*** Opening DATA TO USE ***

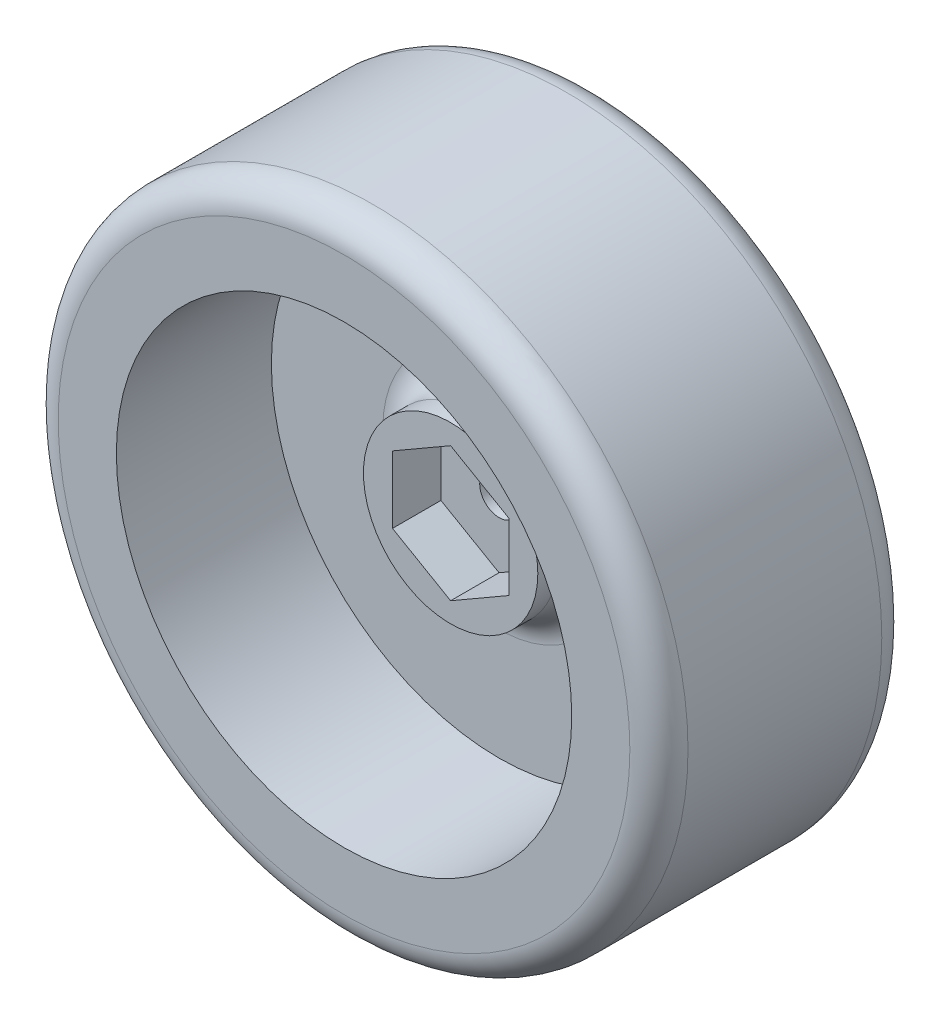
from build123d import *

# Parameters (mm, degrees)
SKETCH1_R           = 32.5
SKETCH1_R_2         = 2
BOSS_EXTRUDE1_DEPTH = 26
FILLET1_R           = 3
SKETCH2_R           = 23.5
CUT_EXTRUDE1_DEPTH  = 16
SKETCH3_R           = 9
BOSS_EXTRUDE2_DEPTH = 5
SKETCH4_R           = 7.5
CUT_EXTRUDE2_DEPTH  = 2
SKETCH5_R           = 5
CUT_EXTRUDE3_DEPTH  = 4
FILLET2_R           = 3


with BuildPart() as part:
    # Sketch1 → Boss-Extrude1 (new body)
    with BuildSketch(Plane.XY):
        Circle(SKETCH1_R)
        Circle(SKETCH1_R_2, mode=Mode.SUBTRACT)
    extrude(amount=BOSS_EXTRUDE1_DEPTH)

    # Fillet1
    fillet1_edges = [part.edges().sort_by_distance(p)[0] for p in [
        (-32.5, 0, 0),
        (-32.5, 0, 26),
    ]]
    fillet(fillet1_edges, radius=FILLET1_R)

    # Sketch2 → Cut-Extrude1 (cut)
    with BuildSketch(Plane.XY.offset(26)):
        Circle(SKETCH2_R)
    extrude(amount=-CUT_EXTRUDE1_DEPTH, mode=Mode.SUBTRACT)

    # Sketch3 → Boss-Extrude2 (add)
    with BuildSketch(Plane.XY.offset(10)):
        Circle(SKETCH3_R)
        Polygon((-6, -3.464101615), (-6, 3.464101615), (0, 6.92820323), (6, 3.464101615), (6, -3.464101615), (0, -6.92820323), align=None, mode=Mode.SUBTRACT)
    extrude(amount=BOSS_EXTRUDE2_DEPTH)

    # Sketch4 → Cut-Extrude2 (cut)
    with BuildSketch(Plane(origin=(0, 0, 0), x_dir=(-1, 0, 0), z_dir=(0, 0, -1))):
        Circle(SKETCH4_R)
    extrude(amount=-CUT_EXTRUDE2_DEPTH, mode=Mode.SUBTRACT)

    # Sketch5 → Cut-Extrude3 (cut)
    with BuildSketch(Plane(origin=(0, 0, 2), x_dir=(-1, 0, 0), z_dir=(0, 0, -1))):
        Circle(SKETCH5_R)
    extrude(amount=-CUT_EXTRUDE3_DEPTH, mode=Mode.SUBTRACT)

    # Fillet2
    fillet2_edges = [part.edges().sort_by_distance(p)[0] for p in [
        (-9, 0, 10),
    ]]
    fillet(fillet2_edges, radius=FILLET2_R)


solid = part.part

*** Closing DATA TO USE ***

• _ASSIGNMENT_:
All preceding records should be duplicated verbatim, images excepted.

• _RESPONSE TO THIS TASK_:
from build123d import *

# Parameters (mm, degrees)
SKETCH1_R           = 32.5
SKETCH1_R_2         = 2
BOSS_EXTRUDE1_DEPTH = 26
FILLET1_R           = 3
SKETCH2_R           = 23.5
CUT_EXTRUDE1_DEPTH  = 16
SKETCH3_R           = 9
BOSS_EXTRUDE2_DEPTH = 5
SKETCH4_R           = 7.5
CUT_EXTRUDE2_DEPTH  = 2
SKETCH5_R           = 5
CUT_EXTRUDE3_DEPTH  = 4
FILLET2_R           = 3


with BuildPart() as part:
    # Sketch1 → Boss-Extrude1 (new body)
    with BuildSketch(Plane.XY):
        Circle(SKETCH1_R)
        Circle(SKETCH1_R_2, mode=Mode.SUBTRACT)
    extrude(amount=BOSS_EXTRUDE1_DEPTH)

    # Fillet1
    fillet1_edges = [part.edges().sort_by_distance(p)[0] for p in [
        (-32.5, 0, 0),
        (-32.5, 0, 26),
    ]]
    fillet(fillet1_edges, radius=FILLET1_R)

    # Sketch2 → Cut-Extrude1 (cut)
    with BuildSketch(Plane.XY.offset(26)):
        Circle(SKETCH2_R)
    extrude(amount=-CUT_EXTRUDE1_DEPTH, mode=Mode.SUBTRACT)

    # Sketch3 → Boss-Extrude2 (add)
    with BuildSketch(Plane.XY.offset(10)):
        Circle(SKETCH3_R)
        Polygon((-6, -3.464101615), (-6, 3.464101615), (0, 6.92820323), (6, 3.464101615), (6, -3.464101615), (0, -6.92820323), align=None, mode=Mode.SUBTRACT)
    extrude(amount=BOSS_EXTRUDE2_DEPTH)

    # Sketch4 → Cut-Extrude2 (cut)
    with BuildSketch(Plane(origin=(0, 0, 0), x_dir=(-1, 0, 0), z_dir=(0, 0, -1))):
        Circle(SKETCH4_R)
    extrude(amount=-CUT_EXTRUDE2_DEPTH, mode=Mode.SUBTRACT)

    # Sketch5 → Cut-Extrude3 (cut)
    with BuildSketch(Plane(origin=(0, 0, 2), x_dir=(-1, 0, 0), z_dir=(0, 0, -1))):
        Circle(SKETCH5_R)
    extrude(amount=-CUT_EXTRUDE3_DEPTH, mode=Mode.SUBTRACT)

    # Fillet2
    fillet2_edges = [part.edges().sort_by_distance(p)[0] for p in [
        (-9, 0, 10),
    ]]
    fillet(fillet2_edges, radius=FILLET2_R)


solid = part.part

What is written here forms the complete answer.